The device may be operated in the free-running mode by connecting INTR to the WR input with CS=0. To
ensure start-up under all possible conditions, an external WR pulse is required during the first power-up cycle.
On the high-to-low transition of the WR input the internal SAR latches and the shift register stages are reset. As
long as the CS input and WR input remain low, the A/D will remain in a reset state. Conversion will start from 1
to 8 clock periods after at least one of these inputs makes a low-to-high transition.
A functional diagram of the A/D converter is shown in Figure 48. All of the package pinouts are shown and the
major logic control paths are drawn in heavier weight lines.

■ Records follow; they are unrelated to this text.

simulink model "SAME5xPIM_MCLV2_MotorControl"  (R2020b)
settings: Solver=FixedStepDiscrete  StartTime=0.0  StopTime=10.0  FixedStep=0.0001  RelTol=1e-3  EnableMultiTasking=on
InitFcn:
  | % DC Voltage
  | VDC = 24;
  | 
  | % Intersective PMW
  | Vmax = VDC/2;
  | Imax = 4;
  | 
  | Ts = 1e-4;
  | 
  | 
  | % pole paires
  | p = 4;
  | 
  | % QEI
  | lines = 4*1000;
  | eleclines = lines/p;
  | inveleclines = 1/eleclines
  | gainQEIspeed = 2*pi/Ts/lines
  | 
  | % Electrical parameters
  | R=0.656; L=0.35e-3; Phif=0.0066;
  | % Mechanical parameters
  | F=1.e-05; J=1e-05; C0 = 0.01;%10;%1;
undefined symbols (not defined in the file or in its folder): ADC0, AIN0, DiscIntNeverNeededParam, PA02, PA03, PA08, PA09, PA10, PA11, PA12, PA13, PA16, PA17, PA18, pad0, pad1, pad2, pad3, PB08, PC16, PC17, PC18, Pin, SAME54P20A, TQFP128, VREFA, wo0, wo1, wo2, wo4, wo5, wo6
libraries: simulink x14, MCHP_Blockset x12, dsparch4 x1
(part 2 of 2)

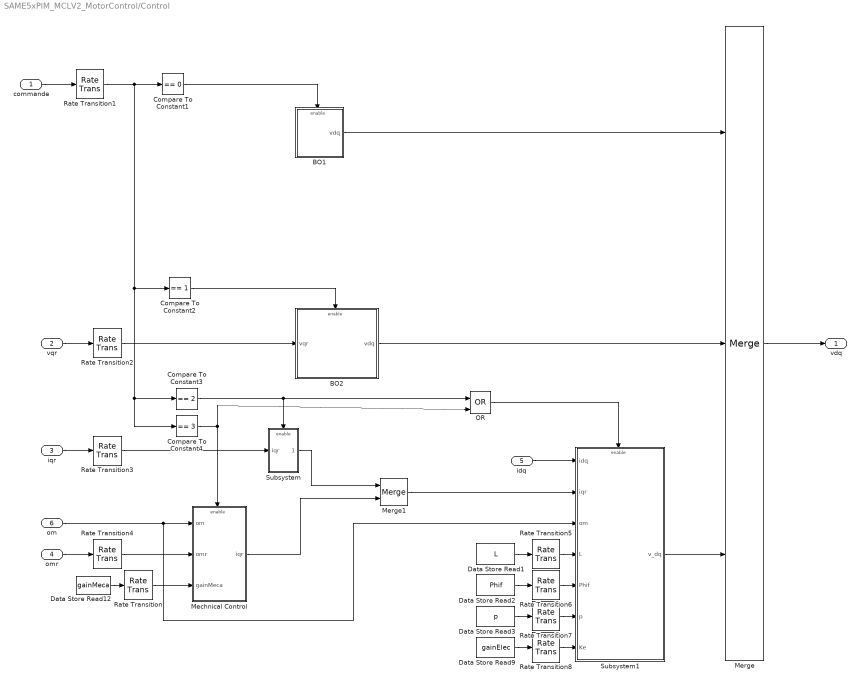
== system SAME5xPIM_MCLV2_MotorControl/Control ==
  commande : Inport
  vqr : Inport  Port=2
  iqr : Inport  Port=3
  omr : Inport  Port=4
  idq : Inport  Port=5
  om : Inport  Port=6
  BO1 : Subsystem
  BO2 : Subsystem
  Compare To Constant1 : simulink/Logic and Bit Operations/Compare To Constant  relop===  const=0  OutDataTypeStr=boolean
  Compare To Constant2 : simulink/Logic and Bit Operations/Compare To Constant  relop===  const=1  OutDataTypeStr=boolean
  Compare To Constant3 : simulink/Logic and Bit Operations/Compare To Constant  relop===  const=2  OutDataTypeStr=boolean
  Compare To Constant4 : simulink/Logic and Bit Operations/Compare To Constant  relop===  const=3  OutDataTypeStr=boolean
  Data Store Read1 : DataStoreRead  DataStoreName=L  SampleTime=1
  Data Store Read12 : DataStoreRead  DataStoreName=gainMeca  SampleTime=1
  Data Store Read2 : DataStoreRead  DataStoreName=Phif  SampleTime=1
  Data Store Read3 : DataStoreRead  DataStoreName=p  SampleTime=1
  Data Store Read9 : DataStoreRead  DataStoreName=gainElec  SampleTime=1
  Mechnical Control : Subsystem
  Merge : Merge  Inputs=3
  Merge1 : Merge
  OR : Logic  Operator=OR  IconShape=distinctive  AllPortsSameDT=off  OutDataTypeStr=boolean
  Rate Transition{,1..8} (9 alike) : RateTransition
  Subsystem : Subsystem
  Subsystem1 : Subsystem
  vdq : Outport  VectorParamsAs1DForOutWhenUnconnected=off
  wires:
  Rate Transition8/1 -> Subsystem1/7(Ke)
  Rate Transition7/1 -> Subsystem1/6(p)
  Rate Transition6/1 -> Subsystem1/5(Phif)
  Rate Transition5/1 -> Subsystem1/4(L)
  Rate Transition/1 -> Mechnical Control/3(gainMeca)
  Rate Transition4/1 -> Mechnical Control/2(omr)
  Rate Transition3/1 -> Subsystem/1(iqr)
  Rate Transition2/1 -> BO2/1(vqr)
  Subsystem1/1(v_dq) -> Merge/3
  Merge1/1 -> Subsystem1/2(iqr)
  idq/1 -> Subsystem1/1(idq)
  OR/1 -> Subsystem1/Enable
  om/1 -> Mechnical Control/1(om), Subsystem1/3(om)
  Compare To Constant4/1 -> Mechnical Control/Enable, OR/2
  Mechnical Control/1(iqr) -> Merge1/2
  Subsystem/1(Out1) -> Merge1/1
  Rate Transition1/1 -> Compare To Constant1/1, Compare To Constant4/1, Compare To Constant3/1, Compare To Constant2/1
  Compare To Constant3/1 -> Subsystem/Enable, OR/1
  Compare To Constant1/1 -> BO1/Enable
  commande/1 -> Rate Transition1/1
  Merge/1 -> vdq/1
  Compare To Constant2/1 -> BO2/Enable
  BO1/1(vdq) -> Merge/1
  BO2/1(vdq) -> Merge/2
  Data Store Read9/1 -> Rate Transition8/1
  Data Store Read1/1 -> Rate Transition5/1
  Data Store Read3/1 -> Rate Transition7/1
  Data Store Read2/1 -> Rate Transition6/1
  vqr/1 -> Rate Transition2/1
  iqr/1 -> Rate Transition3/1
  omr/1 -> Rate Transition4/1
  Data Store Read12/1 -> Rate Transition/1

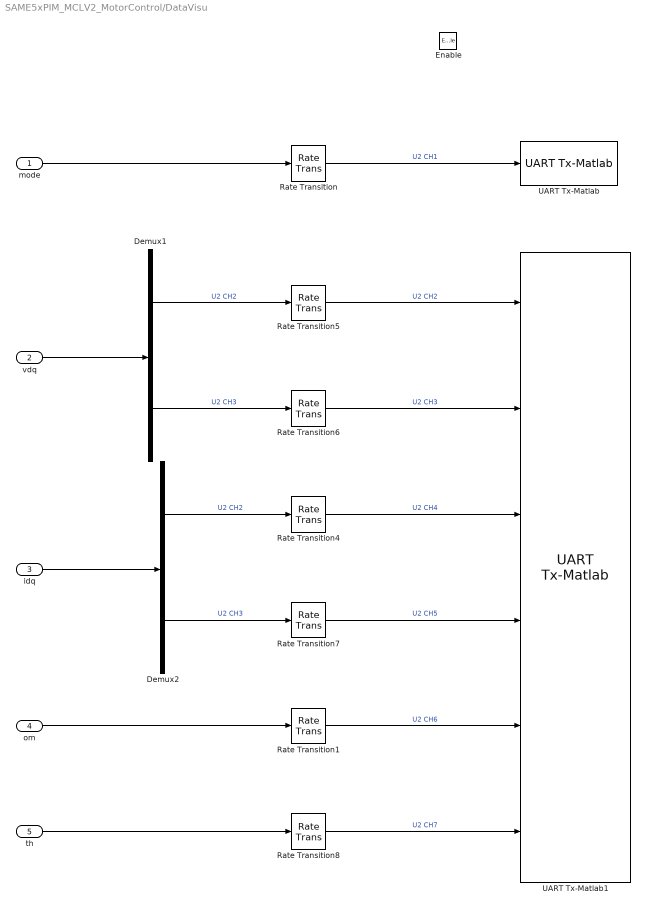
== system SAME5xPIM_MCLV2_MotorControl/DataVisu ==
  mode : Inport
  vdq : Inport  Port=2
  idq : Inport  Port=3
  om : Inport  Port=4
  th : Inport  Port=5
  Enable : EnablePort
  Demux1 : Demux  Outputs=2
  Demux2 : Demux  Outputs=2
  Rate Transition{,1,4..8} (7 alike) : RateTransition
  UART Tx-Matlab : MCHP_Blockset/BUS UART/UART Tx-Matlab  UART_REF=2  CHANNELS=[1]  AllOrNothing=off  SampleTime=.1  MCHP_MASTERLINK=SAME5xPIM_MCLV2_MotorControl/Microchip Master  MCHP_COMPILED_INFO="CompiledSampleTime= [0.10000000000000000555   0 ];CompiledInportDataTypes=[  5 ];CompiledInportDataWidth=[1];"
      settings: SourceProductName=MPLAB Device Blocks for Simulink
  UART Tx-Matlab1 : MCHP_Blockset/BUS UART/UART Tx-Matlab  UART_REF=2  CHANNELS=[2:7]  AllOrNothing=off  SampleTime=0.0005  MCHP_MASTERLINK=SAME5xPIM_MCLV2_MotorControl/Microchip Master  MCHP_COMPILED_INFO="CompiledSampleTime= [0.00050000000000000001041   0 ];CompiledInportDataTypes=[  1   1   1   1   1   1 ];CompiledInportDataWidth=[1  1  1  1  1  1];"
      settings: SourceProductName=MPLAB Device Blocks for Simulink
  wires:
  vdq/1 -> Demux1/1
  idq/1 -> Demux2/1
  th/1 -> Rate Transition8/1
  Demux2/2 -> Rate Transition7/1  "U2 CH3"
  Demux2/1 -> Rate Transition4/1  "U2 CH2"
  Rate Transition5/1 -> UART Tx-Matlab1/1  "U2 CH2"
  Rate Transition8/1 -> UART Tx-Matlab1/6  "U2 CH7"
  Rate Transition1/1 -> UART Tx-Matlab1/5  "U2 CH6"
  Demux1/2 -> Rate Transition6/1  "U2 CH3"
  Rate Transition6/1 -> UART Tx-Matlab1/2  "U2 CH3"
  Rate Transition4/1 -> UART Tx-Matlab1/3  "U2 CH4"
  Demux1/1 -> Rate Transition5/1  "U2 CH2"
  om/1 -> Rate Transition1/1
  Rate Transition7/1 -> UART Tx-Matlab1/4  "U2 CH5"
  Rate Transition/1 -> UART Tx-Matlab/1  "U2 CH1"
  mode/1 -> Rate Transition/1

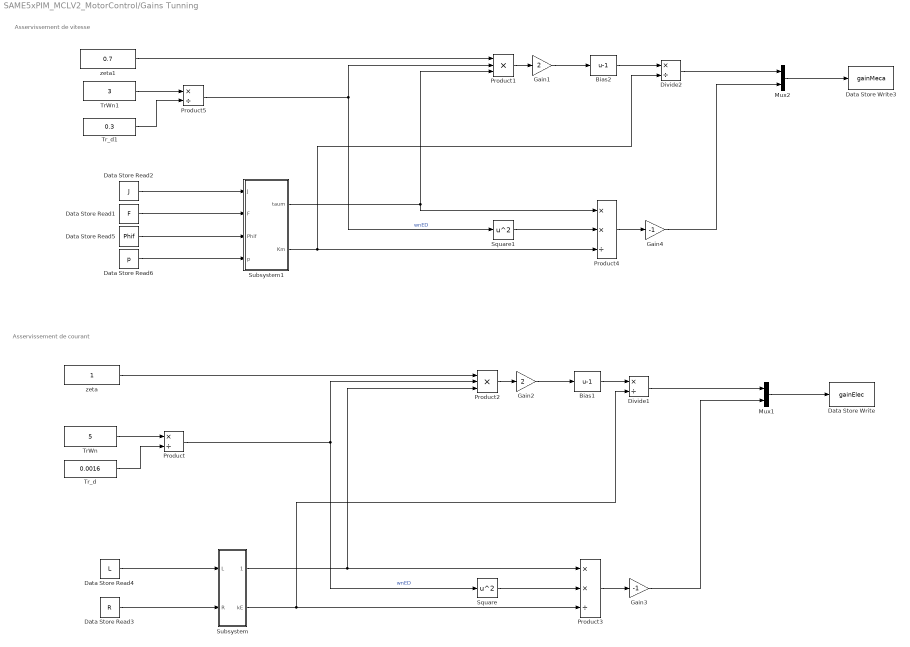
== system SAME5xPIM_MCLV2_MotorControl/Gains Tunning ==
  note: Asservissement de courant
  note: Asservissement de vitesse
  Bias1 : Bias  Bias=-1
  Bias2 : Bias  Bias=-1
  Data Store Read1 : DataStoreRead  DataStoreName=F  SampleTime=1
  Data Store Read2 : DataStoreRead  DataStoreName=J  SampleTime=1
  Data Store Read3 : DataStoreRead  DataStoreName=R  SampleTime=1
  Data Store Read4 : DataStoreRead  DataStoreName=L  SampleTime=1
  Data Store Read5 : DataStoreRead  DataStoreName=Phif  SampleTime=1
  Data Store Read6 : DataStoreRead  DataStoreName=p  SampleTime=1
  Data Store Write : DataStoreWrite  DataStoreName=gainElec  SampleTime=1
  Data Store Write3 : DataStoreWrite  DataStoreName=gainMeca
  Divide1 : Product  Inputs=*/
  Divide2 : Product  Inputs=*/
  Gain1 : Gain  Gain=2
  Gain2 : Gain  Gain=2
  Gain3 : Gain  Gain=-1
  Gain4 : Gain  Gain=-1
  Mux1 : Mux  Inputs=2
  Mux2 : Mux  Inputs=2
  Product : Product  Inputs=*/
  Product1 : Product  Inputs=3
  Product2 : Product  Inputs=3
  Product3 : Product  Inputs=**/
  Product4 : Product  Inputs=**/
  Product5 : Product  Inputs=*/
  Square : Math  Operator=square  SaturateOnIntegerOverflow=on
  Square1 : Math  Operator=square  SaturateOnIntegerOverflow=on
  Subsystem : Subsystem
  Subsystem1 : Subsystem
  TrWn : Constant  Value=5  OutDataTypeStr=single
  TrWn1 : Constant  Value=3  OutDataTypeStr=single
  Tr_d : Constant  Value=0.0016  OutDataTypeStr=single
  Tr_d1 : Constant  Value=0.3  OutDataTypeStr=single
  zeta : Constant  OutDataTypeStr=single
  zeta1 : Constant  Value=0.7  OutDataTypeStr=single
  wires:
  Gain3/1 -> Mux1/2
  Product3/1 -> Gain3/1
  Divide1/1 -> Mux1/1
  Bias1/1 -> Divide1/1
  Product2/1 -> Gain2/1
  Mux1/1 -> Data Store Write/1
  Data Store Read4/1 -> Subsystem/1(L)
  Data Store Read3/1 -> Subsystem/2(R)
  Subsystem/1(tauE) -> Product2/3, Product3/1
  TrWn/1 -> Product/1
  Tr_d/1 -> Product/2
  Product/1 -> Product2/2, Square/1  "wnED"
  Subsystem/2(kE) -> Divide1/2, Product3/3
  Gain2/1 -> Bias1/1
  zeta/1 -> Product2/1
  Square/1 -> Product3/2
  Square1/1 -> Product4/2
  Gain1/1 -> Bias2/1
  Product1/1 -> Gain1/1
  Bias2/1 -> Divide2/1
  Divide2/1 -> Mux2/1
  Product4/1 -> Gain4/1
  Gain4/1 -> Mux2/2
  Mux2/1 -> Data Store Write3/1
  Data Store Read2/1 -> Subsystem1/1(J)
  Data Store Read1/1 -> Subsystem1/2(F)
  Data Store Read5/1 -> Subsystem1/3(Phif)
  Data Store Read6/1 -> Subsystem1/4(p)
  Tr_d1/1 -> Product5/2
  TrWn1/1 -> Product5/1
  zeta1/1 -> Product1/1
  Product5/1 -> Square1/1, Product1/2  "wnED"
  Subsystem1/1(taum) -> Product4/1, Product1/3
  Subsystem1/2(Km) -> Divide2/2, Product4/3

== system SAME5xPIM_MCLV2_MotorControl/Inv Park ==
  cossin : Inport
  vdq : Inport  Port=2
  Clakeinv : Subsystem
  ParkInv : Subsystem
  vabc : Outport  VectorParamsAs1DForOutWhenUnconnected=off
  wires:
  vdq/1 -> ParkInv/2(vdq)
  cossin/1 -> ParkInv/1(cos(pth)sin(pth))
  ParkInv/1(valbe) -> Clakeinv/1(alphabeta)
  Clakeinv/1(abc) -> vabc/1

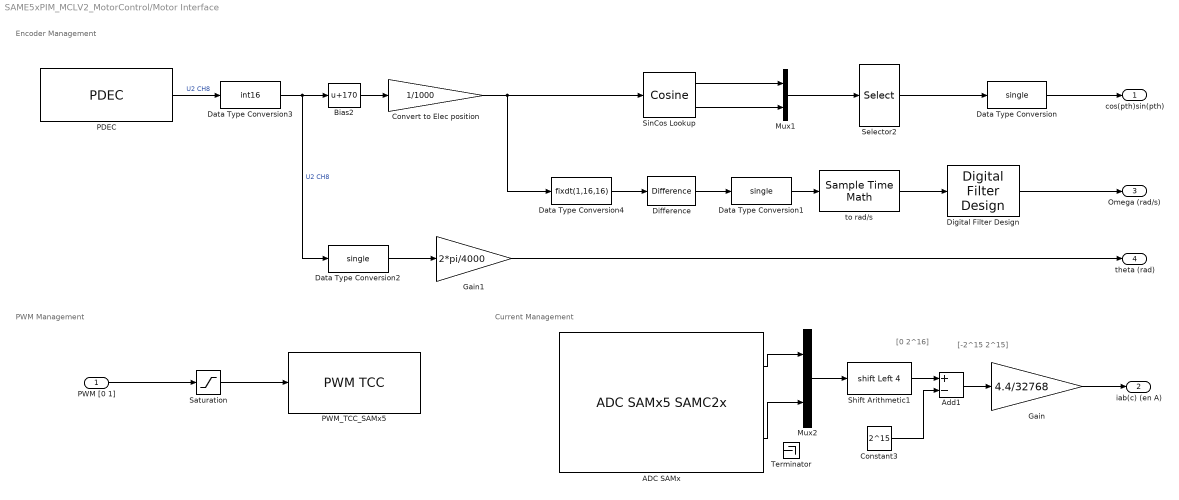
== system SAME5xPIM_MCLV2_MotorControl/Motor Interface ==
  note: [-2^15 2^15]
  note: [0 2^16]
  note: Encoder Management
  note: PWM Management
  note: Current Management
  PWM [0 1] : Inport
  ADC SAMx : MCHP_Blockset/Analog IO/ADC SAMx5 SAMC2x  ADCREF=ADC 0 and ADC 1 (slave)  VREF_seq0=Dynamic Options  VREF_seq0_TXT=PA03 / VREFA / Pin[10]  info=0  SampleTime=1e-4  MCHP_PORT={ADC0_seq0.0}{ADC0_AIN0}15:2:P2;{ADC1_seq0.0}{ADC1_AIN0}15:2:P40;  MCHP_MASTERLINK=SAME5xPIM_MCLV2_MotorControl/Microchip Master  MCHP_CRC=4658831  TrigSource_seq0=Dynamic Options  TrigSource_seq0_TXT=after this block evaluation  ADC0_seq0=Dynamic Options  ADC0_seq0_TXT=PA02 / AIN0 / Pin[9]  ADC1_seq0=Dynamic Options  ADC1_seq0_TXT=PB08 / AIN0 / Pin[19]  ADC0_seq0_1=Dynamic Options  ADC0_seq0_1_TXT=Not Used  ADC1_seq0_1=Dynamic Options  ADC1_seq0_1_TXT=Not Used  ADC0_seq0_2=Dynamic Options  ADC0_seq0_2_TXT=Not Used  ADC1_seq0_2=Dynamic Options  ADC1_seq0_2_TXT=Not Used  ADC0_seq0_3=Dynamic Options  ADC0_seq0_3_TXT=Not Used  ADC1_seq0_3=Dynamic Options  ADC1_seq0_3_TXT=Not Used  ADC0_seq0_4=Dynamic Options  ADC0_seq0_4_TXT=Not Used  ADC1_seq0_4=Dynamic Options  ADC1_seq0_4_TXT=Not Used  ADC0_seq0_5=Dynamic Options  ADC0_seq0_5_TXT=Not Used  ADC1_seq0_5=Dynamic Options  ADC1_seq0_5_TXT=Not Used  Resolution_seq0=12 bits  SampleTime_seq0_s=1e-6  TrigTimeStep_seq0=on  info_seq0=0  TrigSource_seq1=Dynamic Options  TrigSource_seq1_TXT=after this block evaluation  ADC0_seq1=Dynamic Options  ADC0_seq1_TXT=Not Used  ADC1_seq1=Dynamic Options  ADC1_seq1_TXT=Not Used  ADC0_seq1_1=Dynamic Options  ADC0_seq1_1_TXT=Not Used  ADC1_seq1_1=Dynamic Options  ADC1_seq1_1_TXT=Not Used  ADC0_seq1_2=Dynamic Options  ADC0_seq1_2_TXT=Not Used  ADC1_seq1_2=Dynamic Options  ADC1_seq1_2_TXT=Not Used  ADC0_seq1_3=Dynamic Options  ADC0_seq1_3_TXT=Not Used  ADC1_seq1_3=Dynamic Options  ADC1_seq1_3_TXT=Not Used  ADC0_seq1_4=Dynamic Options  ADC0_seq1_4_TXT=Not Used  ADC1_seq1_4=Dynamic Options  ADC1_seq1_4_TXT=Not Used  ADC0_seq1_5=Dynamic Options  ADC0_seq1_5_TXT=Not Used  ADC1_seq1_5=Dynamic Options  ADC1_seq1_5_TXT=Not Used  Resolution_seq1=12 bits  SampleTime_seq1_s=1e-6  TrigTimeStep_seq1=off  info_seq1=0  TrigSource_seq2=Dynamic Options  TrigSource_seq2_TXT=after this block evaluation  ADC0_seq2=Dynamic Options  ADC0_seq2_TXT=Not Used  ADC1_seq2=Dynamic Options  ADC1_seq2_TXT=Not Used  ADC0_seq2_1=Dynamic Options  ADC0_seq2_1_TXT=Not Used  ADC1_seq2_1=Dynamic Options  ADC1_seq2_1_TXT=Not Used  ADC0_seq2_2=Dynamic Options  ADC0_seq2_2_TXT=Not Used  ADC1_seq2_2=Dynamic Options  ADC1_seq2_2_TXT=Not Used  ADC0_seq2_3=Dynamic Options  ADC0_seq2_3_TXT=Not Used  ADC1_seq2_3=Dynamic Options  ADC1_seq2_3_TXT=Not Used  ADC0_seq2_4=Dynamic Options  ADC0_seq2_4_TXT=Not Used  ADC1_seq2_4=Dynamic Options  ADC1_seq2_4_TXT=Not Used  ADC0_seq2_5=Dynamic Options  ADC0_seq2_5_TXT=Not Used  ADC1_seq2_5=Dynamic Options  ADC1_seq2_5_TXT=Not Used  Resolution_seq2=12 bits  SampleTime_seq2_s=1e-6  TrigTimeStep_seq2=off  info_seq2=0  TrigSource_seq3=Dynamic Options  TrigSource_seq3_TXT=after this block evaluation  ADC0_seq3=Dynamic Options  ADC0_seq3_TXT=Not Used  ADC1_seq3=Dynamic Options  ADC1_seq3_TXT=Not Used  ADC0_seq3_1=Dynamic Options  ADC0_seq3_1_TXT=Not Used  ADC1_seq3_1=Dynamic Options  ADC1_seq3_1_TXT=Not Used  ADC0_seq3_2=Dynamic Options  ADC0_seq3_2_TXT=Not Used  ADC1_seq3_2=Dynamic Options  ADC1_seq3_2_TXT=Not Used  ADC0_seq3_3=Dynamic Options  ADC0_seq3_3_TXT=Not Used  ADC1_seq3_3=Dynamic Options  ADC1_seq3_3_TXT=Not Used  ADC0_seq3_4=Dynamic Options  ADC0_seq3_4_TXT=Not Used  ADC1_seq3_4=Dynamic Options  ADC1_seq3_4_TXT=Not Used  ADC0_seq3_5=Dynamic Options  ADC0_seq3_5_TXT=Not Used  ADC1_seq3_5=Dynamic Options  ADC1_seq3_5_TXT=Not Used  Resolution_seq3=12 bits  SampleTime_seq3_s=1e-6  TrigTimeStep_seq3=off  info_seq3=0  TrigSource_seq4=Dynamic Options  TrigSource_seq4_TXT=after this block evaluation  ADC0_seq4=Dynamic Options  ADC0_seq4_TXT=Not Used  ADC1_seq4=Dynamic Options  ADC1_seq4_TXT=Not Used  ADC0_seq4_1=Dynamic Options  ADC0_seq4_1_TXT=Not Used  ADC1_seq4_1=Dynamic Options  ADC1_seq4_1_TXT=Not Used  ADC0_seq4_2=Dynamic Options  ADC0_seq4_2_TXT=Not Used  ADC1_seq4_2=Dynamic Options  ADC1_seq4_2_TXT=Not Used  ADC0_seq4_3=Dynamic Options  ADC0_seq4_3_TXT=Not Used  ADC1_seq4_3=Dynamic Options  ADC1_seq4_3_TXT=Not Used  ADC0_seq4_4=Dynamic Options  ADC0_seq4_4_TXT=Not Used  ADC1_seq4_4=Dynamic Options  ADC1_seq4_4_TXT=Not Used  ADC0_seq4_5=Dynamic Options  ADC0_seq4_5_TXT=Not Used  ADC1_seq4_5=Dynamic Options  ADC1_seq4_5_TXT=Not Used  Resolution_seq4=12 bits  SampleTime_seq4_s=1e-6  TrigTimeStep_seq4=off  info_seq4=0  TrigSource_seq5=Dynamic Options  TrigSource_seq5_TXT=after this block evaluation  ADC0_seq5=Dynamic Options  ADC0_seq5_TXT=Not Used  ADC1_seq5=Dynamic Options  ADC1_seq5_TXT=Not Used  ADC0_seq5_1=Dynamic Options  ADC0_seq5_1_TXT=Not Used  ADC1_seq5_1=Dynamic Options  ADC1_seq5_1_TXT=Not Used  ADC0_seq5_2=Dynamic Options  ADC0_seq5_2_TXT=Not Used  ADC1_seq5_2=Dynamic Options  ADC1_seq5_2_TXT=Not Used  ADC0_seq5_3=Dynamic Options  ADC0_seq5_3_TXT=Not Used  ADC1_seq5_3=Dynamic Options  ADC1_seq5_3_TXT=Not Used  ADC0_seq5_4=Dynamic Options  ADC0_seq5_4_TXT=Not Used  ADC1_seq5_4=Dynamic Options  ADC1_seq5_4_TXT=Not Used  ADC0_seq5_5=Dynamic Options  ADC0_seq5_5_TXT=Not Used  ADC1_seq5_5=Dynamic Options  ADC1_seq5_5_TXT=Not Used  Resolution_seq5=12 bits  SampleTime_seq5_s=1e-6  TrigTimeStep_seq5=off  info_seq5=0
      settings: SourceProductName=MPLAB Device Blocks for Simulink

The converter is started by having CS and WR simultaneously low. This sets the start flip-flop (F/F) and the
resulting “1” level resets the 8-bit shift register, resets the Interrupt (INTR) F/F and inputs a “1” to the D flop,
F/F1, which is at the input end of the 8-bit shift register. Internal clock signals then transfer this “1” to the Q
output of F/F1. The AND gate, G1, combines this “1” output with a clock signal to provide a reset signal to the
start F/F. If the set signal is no longer present (either WR or CS is a “1”) the start F/F is reset and the 8-bit shift
register then can have the “1” clocked in, which starts the conversion process. If the set signal were to still be
present, this reset pulse would have no effect (both outputs of the start F/F would momentarily be at a “1” level)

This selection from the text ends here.